28.9.82.
<...> Вчера отослал Сидаревичу в “Литературу и мастацтво” [Минск] статью о Быкове; писал мучительно долго — до какого–то отчаяния... Подышав Волгой — прямо–таки по Воейкову, — первые дни сентября не ходил — летал, мысль была сосредоточенной, уверенной в себе, в руке — “напор”, — по Владимиру Осиповичу[1], — ну, думал, как хорошо... И все оборвалось: седьмого хоронили дядю Витю, а дома та энергия уже не вернулась... Сегодня легче, написал, отправил... Теперь буду ломать голову: почему не подгоняли телеграммами, не сгустились ли там над Быковым наши серые тучи, или просто–напросто, не дождавшись дальнего чужака, напечатали ближнего своего... Сам виноват; тебя ждали, ты подожди...
<...> Очень хотелось поехать в Литву на Дни советской литературы, были приглашения, но пришлось отказаться. Нет времени, а времени эта прогулка съест много.

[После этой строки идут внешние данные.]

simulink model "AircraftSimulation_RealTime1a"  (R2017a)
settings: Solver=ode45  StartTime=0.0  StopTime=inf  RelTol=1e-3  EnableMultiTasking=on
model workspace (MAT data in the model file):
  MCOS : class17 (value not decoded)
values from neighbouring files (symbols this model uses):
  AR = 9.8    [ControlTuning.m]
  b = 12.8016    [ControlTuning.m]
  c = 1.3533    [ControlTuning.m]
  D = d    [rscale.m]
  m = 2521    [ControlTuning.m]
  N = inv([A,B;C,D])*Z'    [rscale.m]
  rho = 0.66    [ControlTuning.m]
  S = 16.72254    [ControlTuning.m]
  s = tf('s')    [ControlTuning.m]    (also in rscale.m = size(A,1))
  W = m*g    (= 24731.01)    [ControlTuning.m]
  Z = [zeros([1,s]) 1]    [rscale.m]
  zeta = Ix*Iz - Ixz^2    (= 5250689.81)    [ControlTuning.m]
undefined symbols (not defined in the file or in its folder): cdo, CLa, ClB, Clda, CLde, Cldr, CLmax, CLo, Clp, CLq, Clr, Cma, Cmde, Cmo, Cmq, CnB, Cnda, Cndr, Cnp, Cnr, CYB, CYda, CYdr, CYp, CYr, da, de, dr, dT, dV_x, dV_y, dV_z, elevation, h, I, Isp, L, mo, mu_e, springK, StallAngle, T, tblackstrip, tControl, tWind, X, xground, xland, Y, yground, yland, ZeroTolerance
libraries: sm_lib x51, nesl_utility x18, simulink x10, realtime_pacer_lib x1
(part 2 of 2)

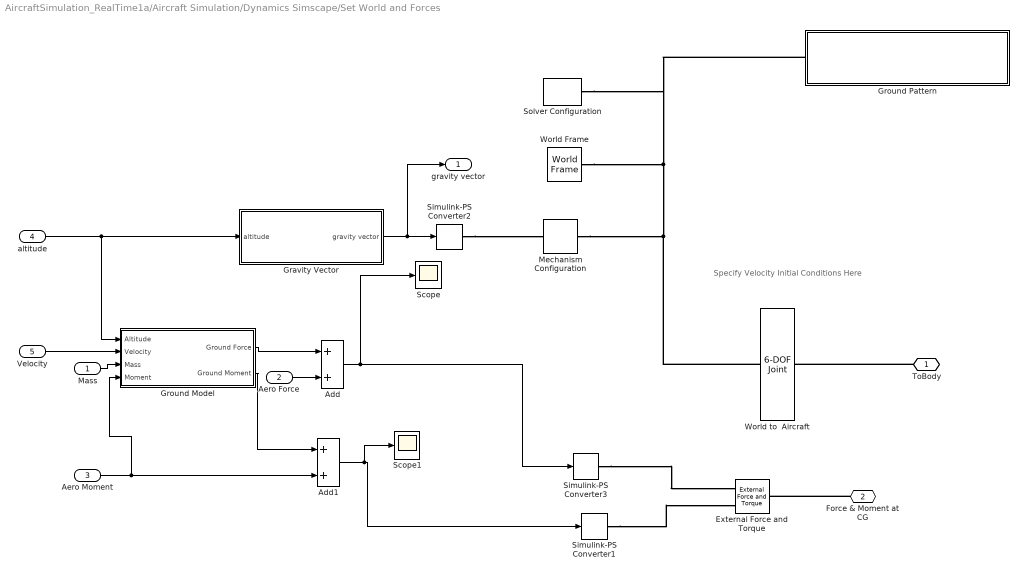
== system AircraftSimulation_RealTime1a/Aircraft Simulation/Dynamics Simscape/Set World and Forces ==
  note: Specify Velocity Initial Conditions Here
  Mass : Inport
  Aero Force : Inport  Port=2
  Aero Moment : Inport  Port=3
  altitude : Inport  Port=4
  Velocity : Inport  Port=5
  Add : Sum
  Add1 : Sum
  External Force and Torque : sm_lib/Forces and Torques/External Force and Torque  ForceResolutionFrame=AttachedFrame  EnableForceX=off  EnableForceY=off  EnableForceZ=off  EnableForce=on  TorqueResolutionFrame=AttachedFrame  EnableTorqueX=off  EnableTorqueY=off  EnableTorqueZ=off  EnableTorque=on
  Gravity Vector : Subsystem
  Ground Model : Subsystem
  Ground Pattern : Subsystem
  Mechanism Configuration : sm_lib/Utilities/Mechanism Configuration  UniformGravity=TimeVarying  GravityVector=[0 0 -9.80665]  GravityUnits=m/s^2  LinearizationDelta=0.001
  Scope : Scope
  Scope1 : Scope
  Simulink-PS Converter1 : nesl_utility/Simulink-PS Converter  PhysicalDomain=network_engine_domain  SubClassName=ps_input  LeftPortType=input  RightPortType=output  PseudoPeriodic=off  Frequencies=[]  NoiseDistribution=none  NoiseParameters=[]  Unit=1  AffineConversion=off  FilteringAndDerivatives=provide  SimscapeFilterOrder=1  InputFilterTimeConstant=0.001  UdotUserProvided=0
  Simulink-PS Converter2 : nesl_utility/Simulink-PS Converter  PhysicalDomain=network_engine_domain  SubClassName=ps_input  LeftPortType=input  RightPortType=output  PseudoPeriodic=off  Frequencies=[]  NoiseDistribution=none  NoiseParameters=[]  Unit=1  AffineConversion=off  FilteringAndDerivatives=provide  SimscapeFilterOrder=1  InputFilterTimeConstant=0.001  UdotUserProvided=0
  Simulink-PS Converter3 : nesl_utility/Simulink-PS Converter  PhysicalDomain=network_engine_domain  SubClassName=ps_input  LeftPortType=input  RightPortType=output  PseudoPeriodic=off  Frequencies=[]  NoiseDistribution=none  NoiseParameters=[]  Unit=1  AffineConversion=off  FilteringAndDerivatives=provide  SimscapeFilterOrder=1  InputFilterTimeConstant=0.001  UdotUserProvided=0
  Solver Configuration : nesl_utility/Solver Configuration  PhysicalDomain=network_engine_domain  SubClassName=solver  LeftPortType=input  RightPortType=generic  Accelerate=off  Tones=[]  Harmonics=[]  SimulateNoise=off  Profile=off  UseLocalSampling=off  EnableSwitchedLinearOptims=on  FrequencyDomain=off  UseCCode=off  RelTol=0.001  AbsTol=1e-06  MinStep=1e-09  ToWorkspace=off  RevertToSquareIcSolve=off  NumHomotopyIterations=100  PhasorMode=off  PhasorModeNumHarmonics=1  OverrideAbsTol=off  DoDC=off  ResidualTolerance=1e-09  UseLocalSolver=off  LocalSolverChoice=NE_BACKWARD_EULER_ADVANCER  LocalSolverSampleTime=0.001  DoFixedCost=off  MaxNonlinIter=3  MaxModeIter=2  LinearAlgebra=Sparse  DelaysMemoryBudget=1024  AutomaticFiltering=on  FilteringTimeConstant=0.001
  World Frame : sm_lib/Frames and Transforms/World Frame
  World to  Aircraft : sm_lib/Joints/6-DOF Joint  SenseConstraintForce=off  SenseConstraintForceX=off  SenseConstraintForceY=off  SenseConstraintForceZ=off  SenseConstraintTorque=off  SenseConstraintTorqueX=off  SenseConstraintTorqueY=off  SenseConstraintTorqueZ=off  SenseTotalForce=off  SenseTotalForceX=off  SenseTotalForceY=off  SenseTotalForceZ=off  SenseTotalTorque=off  SenseTotalTorqueX=off  SenseTotalTorqueY=off  SenseTotalTorqueZ=off  CompositeWrenchDir=BaseOnFollower  CompositeWrenchFrame=BaseFrame  PxEquilibriumPosition=0  PxEquilibriumPositionUnits=m  PxSpringStiffness=0  PxSpringStiffnessUnits=N/m  PxDampingCoefficient=0  PxDampingCoefficientUnits=N/(m/s)  PxTorqueActuationMode=NoTorque  PxMotionActuationMode=ComputedMotion  PxSensePosition=off  PxSenseVelocity=off  PxSenseAcceleration=off  PxSenseTorqueForce=off  PxPositionTargetSpecify=on  PxPositionTargetPriority=High  PxPositionTargetValue=x_initial  PxPositionTargetValueUnits=m  PxVelocityTargetSpecify=on  PxVelocityTargetPriority=High  PxVelocityTargetValue=u_inertial  PxVelocityTargetValueUnits=m/s  PyEquilibriumPosition=0  PyEquilibriumPositionUnits=m  PySpringStiffness=0  PySpringStiffnessUnits=N/m  PyDampingCoefficient=0  PyDampingCoefficientUnits=N/(m/s)  PyTorqueActuationMode=NoTorque  PyMotionActuationMode=ComputedMotion  PySensePosition=off  PySenseVelocity=off  PySenseAcceleration=off  PySenseTorqueForce=off  PyPositionTargetSpecify=on  PyPositionTargetPriority=High  PyPositionTargetValue=y_initial  PyPositionTargetValueUnits=m  PyVelocityTargetSpecify=on  PyVelocityTargetPriority=High  PyVelocityTargetValue=v_inertial  PyVelocityTargetValueUnits=m/s  PzEquilibriumPosition=0  PzEquilibriumPositionUnits=m  PzSpringStiffness=0  PzSpringStiffnessUnits=N/m  PzDampingCoefficient=0  PzDampingCoefficientUnits=N/(m/s)  PzTorqueActuationMode=NoTorque  PzMotionActuationMode=ComputedMotion  PzSensePosition=off  PzSenseVelocity=off  PzSenseAcceleration=off  PzSenseTorqueForce=off  PzPositionTargetSpecify=on  PzPositionTargetPriority=High  PzPositionTargetValue=alt  PzPositionTargetValueUnits=m  PzVelocityTargetSpecify=on  PzVelocityTargetPriority=High  PzVelocityTargetValue=w_inertial  PzVelocityTargetValueUnits=m/s  SphDefPosRotationMethod=None  SphDefPosRotationAngleUnits=deg  SphDefPosRotationStandardAxis=+Z  SphDefPosRotationAngle=0.0  SphDefPosRotationArbitraryAxis=[0 0 1]  SphDefPosFollAlignAxisA=+X  SphDefPosBaseAlignAxisA=+Y  SphDefPosFollAlignAxisB=+Y  SphDefPosBaseAlignAxisB=+Z  SphDefPosRotationSequenceAxes=FollowerAxes  SphDefPosRotationSequence=XYX  SphDefPosRotationSequenceAngles=[0 0 0]  SphDefPosRotationSequenceAnglesUnits=deg  SphDefPosRotationMatrix=[1 0 0; 0 1 0; 0 0 1]  SphEqPosRotationMethod=None  SphEqPosRotationAngleUnits=deg  SphEqPosRotationStandardAxis=+Z  SphEqPosRotationAngle=0.0  SphEqPosRotationArbitraryAxis=[0 0 1]  SphEqPosFollAlignAxisA=+X  SphEqPosBaseAlignAxisA=+Y  SphEqPosFollAlignAxisB=+Y  SphEqPosBaseAlignAxisB=+Z  SphEqPosRotationSequenceAxes=FollowerAxes  SphEqPosRotationSequence=XYX  SphEqPosRotationSequenceAngles=[0 0 0]  SphEqPosRotationSequenceAnglesUnits=deg  SphEqPosRotationMatrix=[1 0 0; 0 1 0; 0 0 1]  SphSpringStiffness=0  SphSpringStiffnessUnits=N*m/deg  SphDampingCoefficient=0  SphDampingCoefficientUnits=N*m/(deg/s)  SphActuateTorqueX=off  SphActuateTorqueY=off  SphActuateTorqueZ=off  SphActuateTorque=on  SphTorqueActuationMode=NoTorque  SphMotionActuationMode=ComputedMotion  SphActuationFrame=BaseFrame  SphSensePosition=off  SphSenseVelocityX=off  SphSenseVelocityY=off  SphSenseVelocityZ=off  SphSenseVelocity=off  SphSenseAccelerationX=off  SphSenseAccelerationY=off  SphSenseAccelerationZ=off  SphSenseAcceleration=off  SphSenseTorqueX=off  SphSenseTorqueY=off  SphSenseTorqueZ=off  SphSenseTorqueForce=off  SphSensingFrame=BaseFrame  SphPositionTargetRotationMethod=StandardAxis  SphPositionTargetRotationAngleUnits=deg  SphPositionTargetRotationStandardAxis=+Y  SphPositionTargetRotationAngle=pitch_initial  SphPositionTargetRotationArbitraryAxis=[0 0 1]  SphPositionTargetFollAlignAxisA=+X  SphPositionTargetBaseAlignAxisA=+Y  SphPositionTargetFollAlignAxisB=+Y  SphPositionTargetBaseAlignAxisB=+Z  SphPositionTargetRotationSequenceAxes=FollowerAxes  SphPositionTargetRotationSequence=XYX  SphPositionTargetRotationSequenceAngles=[0 0 0]  SphPositionTargetRotationSequenceAnglesUnits=deg  SphPositionTargetRotationMatrix=[1 0 0; 0 1 0; 0 0 1]  SphPositionTargetSpecify=on  SphPositionTargetPriority=High  SphVelocityTargetValue=[0 0 0]  SphVelocityTargetValueUnits=deg/s  SphVelocityTargetSpecify=off  SphVelocityTargetPriority=High  SphVelocityTargetInFollowerFrame=on
  ToBody : PMIOPort  Port=1  Side=Right
  Force & Moment at CG : PMIOPort  Port=2  Side=Right
  gravity vector : Outport
  wires:
  Gravity Vector/1(gravity vector) -> gravity vector/1, Simulink-PS Converter2/1
  altitude/1 -> Ground Model/1(Altitude), Gravity Vector/1(altitude)
  Velocity/1 -> Ground Model/2(Velocity)
  Mass/1 -> Ground Model/3(Mass)
  Ground Model/1(Ground Force) -> Add/1
  Aero Force/1 -> Add/2
  Add/1 -> Scope/1, Simulink-PS Converter3/1
  Aero Moment/1 -> Ground Model/4(Moment), Add1/2
  Add1/1 -> Scope1/1, Simulink-PS Converter1/1
  Ground Model/2(Ground Moment) -> Add1/1
  connections:
  Simulink-PS Converter2/RConn1 -- Mechanism Configuration/LConn1
  Ground Pattern/LConn1 -- Solver Configuration/RConn1 -- World to  Aircraft/LConn1 -- Mechanism Configuration/RConn1 -- World Frame/RConn1
  ToBody/RConn1 -- World to  Aircraft/RConn1
  Simulink-PS Converter3/RConn1 -- External Force and Torque/LConn1
  Simulink-PS Converter1/RConn1 -- External Force and Torque/LConn2
  Force & Moment at CG/RConn1 -- External Force and Torque/RConn1

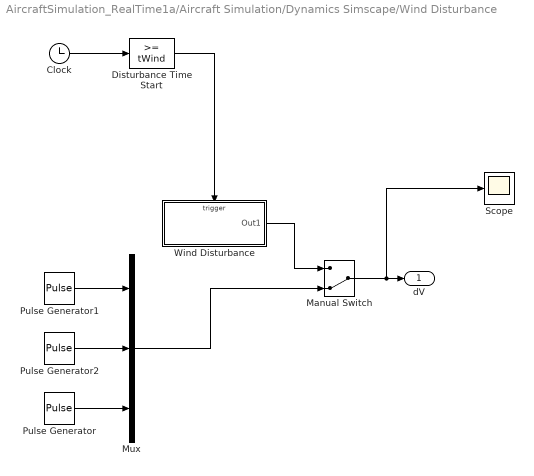
== system AircraftSimulation_RealTime1a/Aircraft Simulation/Dynamics Simscape/Wind Disturbance ==
  Clock : Clock
  Disturbance Time Start : simulink/Logic and Bit Operations/Compare To Constant  relop=>=  const=tWind  OutDataTypeStr=boolean
  Manual Switch : ManualSwitch  CurrentSetting=0
  Mux : Mux  Inputs=3
  Pulse Generator : DiscretePulseGenerator  PulseType=Time based  Amplitude=dV_z  Period=250  PulseWidth=.5  PhaseDelay=5
  Pulse Generator1 : DiscretePulseGenerator  PulseType=Time based  Amplitude=dV_x  Period=250  PulseWidth=.5  PhaseDelay=5
  Pulse Generator2 : DiscretePulseGenerator  PulseType=Time based  Amplitude=dV_y  Period=250  PulseWidth=.5  PhaseDelay=5
  Scope : Scope
  "Wind Disturbance " : Subsystem  TreatAsAtomicUnit=on
  dV : Outport
  wires:
  Clock/1 -> Disturbance Time Start/1
  Disturbance Time Start/1 -> "Wind Disturbance "/Trigger
  Manual Switch/1 -> Scope/1, dV/1
  "Wind Disturbance "/1(Out1) -> Manual Switch/1
  Pulse Generator/1 -> Mux/3
  Mux/1 -> Manual Switch/2
  Pulse Generator2/1 -> Mux/2
  Pulse Generator1/1 -> Mux/1

== system AircraftSimulation_RealTime1a/Aircraft Simulation/Flight Command/Command disturbance ==
  Clock : Clock
  "Cmd Disturbance " : Subsystem  TreatAsAtomicUnit=on
  Disturbance Time Start : simulink/Logic and Bit Operations/Compare To Constant  relop=>=  const=tControl  OutDataTypeStr=boolean
  dCmd : Outport
  wires:
  Clock/1 -> Disturbance Time Start/1
  Disturbance Time Start/1 -> "Cmd Disturbance "/Trigger
  "Cmd Disturbance "/1(Out1) -> dCmd/1

== system AircraftSimulation_RealTime1a/Aircraft Simulation/Aerodynamics Simscape/Forces and Moments/Small Number = Zero6 ==
  In1 : Inport
  Abs : Abs
  Compare To Constant : simulink/Logic and Bit Operations/Compare To Constant  relop=>=  const=ZeroTolerance  OutDataTypeStr=boolean
  Product1 : Product  Inputs=3
  Sign : Signum
  Out1 : Outport
  wires:
  Sign/1 -> Product1/3
  Abs/1 -> Compare To Constant/1, Product1/1
  Product1/1 -> Out1/1
  Compare To Constant/1 -> Product1/2
  In1/1 -> Abs/1, Sign/1

== system AircraftSimulation_RealTime1a/Aircraft Simulation/Aerodynamics Simscape/Forces and Moments/Stall ==
  In1 : Inport
  Abs : Abs
  Compare To Constant : simulink/Logic and Bit Operations/Compare To Constant  relop=>  const=StallAngle  OutDataTypeStr=boolean
  Demux : Demux
  Terminator : Terminator
  Terminator1 : Terminator
  Terminator2 : Terminator
  Stall : Outport
  wires:
  Demux/3 -> Terminator1/1
  Demux/4 -> Terminator2/1
  Demux/2 -> Abs/1
  Demux/1 -> Terminator/1
  Compare To Constant/1 -> Stall/1
  In1/1 -> Demux/1
  Abs/1 -> Compare To Constant/1

== system AircraftSimulation_RealTime1a/Aircraft Simulation/Aerodynamics Simscape/Forces and Moments/stall effect ==
  lift : Inport
  stall : Inport  Port=2
  Compare To Constant : simulink/Logic and Bit Operations/Compare To Constant  relop=<=  const=1  OutDataTypeStr=boolean
  Product1 : Product
  Lift : Outport
  wires:
  lift/1 -> Product1/1
  Compare To Constant/1 -> Product1/2
  stall/1 -> Compare To Constant/1
  Product1/1 -> Lift/1

== system AircraftSimulation_RealTime1a/Aircraft Simulation/Aerodynamics Simscape/Forces and Moments/stall effect1 ==
  moment : Inport
  stall : Inport  Port=2
  Compare To Constant : simulink/Logic and Bit Operations/Compare To Constant  relop=<=  const=1  OutDataTypeStr=boolean
  Product1 : Product
  Moment : Outport
  wires:
  Product1/1 -> Moment/1
  stall/1 -> Compare To Constant/1
  Compare To Constant/1 -> Product1/2
  moment/1 -> Product1/1

== system AircraftSimulation_RealTime1a/Aircraft Simulation/Dynamics Simscape/Derived States/Cannot Divide By Zero ==
  Denominator In : Inport
  Else Action Subsystem : Subsystem  TreatAsAtomicUnit=on
  If : If  IfExpression=u1 == 0
  "If Action Subsystem " : Subsystem  TreatAsAtomicUnit=on
  Merge : Merge
  Denominator Out : Outport
  wires:
  Denominator In/1 -> Else Action Subsystem/1(In1), If/1
  "If Action Subsystem "/1(Out1) -> Merge/1
  If/1 -> "If Action Subsystem "/Action
  If/2 -> Else Action Subsystem/Action
  Else Action Subsystem/1(Out1) -> Merge/2
  Merge/1 -> Denominator Out/1

== system AircraftSimulation_RealTime1a/Aircraft Simulation/Dynamics Simscape/Derived States/Cannot Divide By Zero1 ==
  Denominator In : Inport
  Else Action Subsystem : Subsystem  TreatAsAtomicUnit=on
  If : If  IfExpression=u1 == 0
  "If Action Subsystem " : Subsystem  TreatAsAtomicUnit=on
  Merge : Merge
  Denominator Out : Outport
  wires:
  Merge/1 -> Denominator Out/1
  Else Action Subsystem/1(Out1) -> Merge/2
  If/2 -> Else Action Subsystem/Action
  If/1 -> "If Action Subsystem "/Action
  "If Action Subsystem "/1(Out1) -> Merge/1
  Denominator In/1 -> If/1, Else Action Subsystem/1(In1)

== system AircraftSimulation_RealTime1a/Aircraft Simulation/Dynamics Simscape/Derived States/Magnitude ==
  Vector : Inport
  Demux : Demux  Outputs=3
  Product1 : Product
  Product2 : Product
  Product3 : Product
  Sqrt : Sqrt  SaturateOnIntegerOverflow=on
  Sum : Sum  Inputs=+++
  Magnitude : Outport
  wires:
  Demux/1 -> Product1/1, Product1/2
  Demux/3 -> Product3/1, Product3/2
  Product2/1 -> Sum/2
  Product1/1 -> Sum/1
  Sum/1 -> Sqrt/1
  Demux/2 -> Product2/1, Product2/2
  Product3/1 -> Sum/3
  Vector/1 -> Demux/1
  Sqrt/1 -> Magnitude/1

== system AircraftSimulation_RealTime1a/Aircraft Simulation/Dynamics Simscape/Derived States/Small Number = Zero1 ==
  In1 : Inport
  Abs : Abs
  Compare To Constant : simulink/Logic and Bit Operations/Compare To Constant  relop=>=  const=ZeroTolerance  OutDataTypeStr=boolean
  Product1 : Product  Inputs=3
  Sign : Signum
  Out1 : Outport
  wires:
  In1/1 -> Sign/1, Abs/1
  Compare To Constant/1 -> Product1/2
  Product1/1 -> Out1/1
  Abs/1 -> Product1/1, Compare To Constant/1
  Sign/1 -> Product1/3

== system AircraftSimulation_RealTime1a/Aircraft Simulation/Dynamics Simscape/Derived States/Small Number = Zero2 ==
  In1 : Inport
  Abs : Abs
  Compare To Constant : simulink/Logic and Bit Operations/Compare To Constant  relop=>=  const=ZeroTolerance  OutDataTypeStr=boolean
  Product1 : Product  Inputs=3
  Sign : Signum
  Out1 : Outport
  wires:
  In1/1 -> Sign/1, Abs/1
  Compare To Constant/1 -> Product1/2
  Product1/1 -> Out1/1
  Abs/1 -> Product1/1, Compare To Constant/1
  Sign/1 -> Product1/3

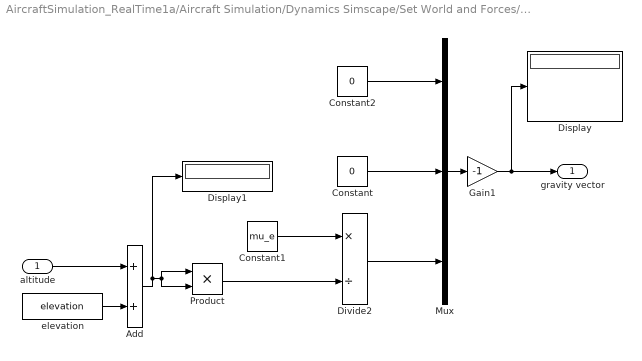
== system AircraftSimulation_RealTime1a/Aircraft Simulation/Dynamics Simscape/Set World and Forces/Gravity Vector ==
  altitude : Inport
  Add : Sum
  Constant : Constant  Value=0
  Constant1 : Constant  Value=mu_e
  Constant2 : Constant  Value=0
  Display : Display
  Display1 : Display
  Divide2 : Product  Inputs=*/
  Gain1 : Gain  Gain=-1
  Mux : Mux  Inputs=3
  Product : Product
  elevation : Constant  Value=elevation
  gravity vector : Outport
  wires:
  Constant1/1 -> Divide2/1
  Constant/1 -> Mux/2
  Product/1 -> Divide2/2
  Add/1 -> Display1/1, Product/1, Product/2
  elevation/1 -> Add/2
  Constant2/1 -> Mux/1
  Mux/1 -> Gain1/1
  Divide2/1 -> Mux/3
  altitude/1 -> Add/1
  Gain1/1 -> Display/1, gravity vector/1

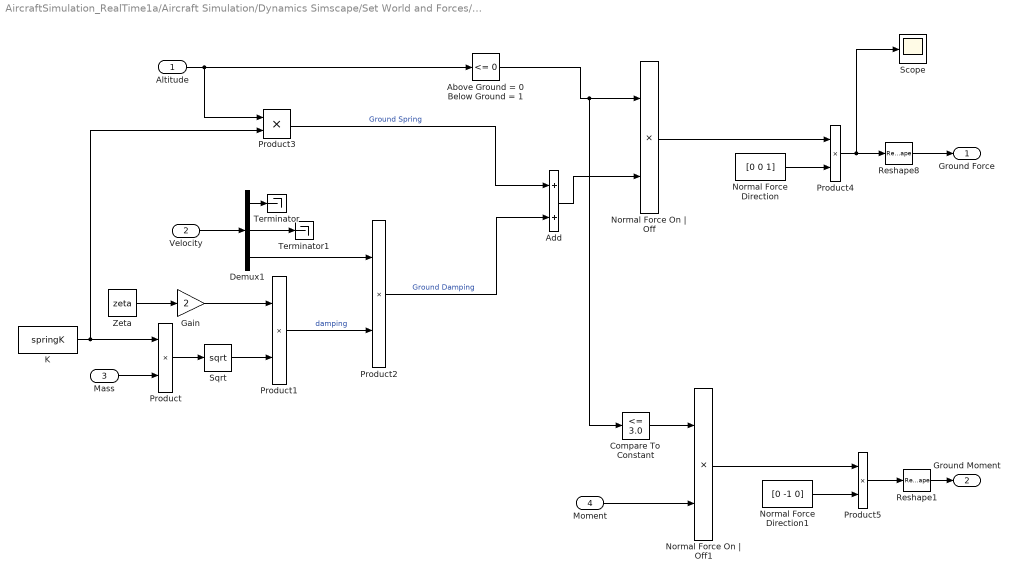
== system AircraftSimulation_RealTime1a/Aircraft Simulation/Dynamics Simscape/Set World and Forces/Ground Model ==
  Altitude : Inport
  Velocity : Inport  Port=2
  Mass : Inport  Port=3
  Moment : Inport  Port=4
  Above Ground = 0 Below Ground = 1 : simulink/Logic and Bit Operations/Compare To Zero  relop=<=  OutDataTypeStr=boolean
  Add : Sum
  Compare To Constant : simulink/Logic and Bit Operations/Compare To Constant  relop=<=  const=3.0  OutDataTypeStr=boolean
  Demux1 : Demux  Outputs=3
  Gain : Gain  Gain=2
  K : Constant  Value=springK
  Normal Force Direction : Constant  Value=[0 0 1]
  Normal Force Direction1 : Constant  Value=[0 -1 0]
  Normal Force On | Off : Product
  Normal Force On | Off1 : Product
  Product{,1..5} (6 alike) : Product
  Reshape1 : Reshape  OutputDimensionality=Column vector (2-D)
  Reshape8 : Reshape  OutputDimensionality=Column vector (2-D)
  Scope : Scope
  Sqrt : Sqrt  SaturateOnIntegerOverflow=on
  Terminator : Terminator
  Terminator1 : Terminator
  Zeta : Constant  Value=zeta
  Ground Force : Outport
  Ground Moment : Outport  Port=2
  wires:
  Velocity/1 -> Demux1/1
  Demux1/1 -> Terminator/1
  Altitude/1 -> Product3/1, Above Ground = 0 Below Ground = 1/1
  Demux1/2 -> Terminator1/1
  Above Ground = 0 Below Ground = 1/1 -> Compare To Constant/1, Normal Force On | Off/1
  Zeta/1 -> Gain/1
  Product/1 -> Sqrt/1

И еще причина потаенная: это же мероприятие, надо как–то участвовать, играть какую–то роль, а это всегда отнимает у меня много сил, и душа не на месте.
Повесть Быкова очень печальна; из того, на что надеялся народ, ничего не сбылось; червонец, сунутый Червяковым[2] Степаниде, — косвенное признание беды и провала скоропалительного переустройства сельской жизни. Это самая горькая и самая прямая книга последних лет. Упомянутая прямота ничуть не преуменьшает ее художественной значительности и даже тонкости, что вроде несвойственно Быкову, предпочитавшему прежде “крупный штрих”.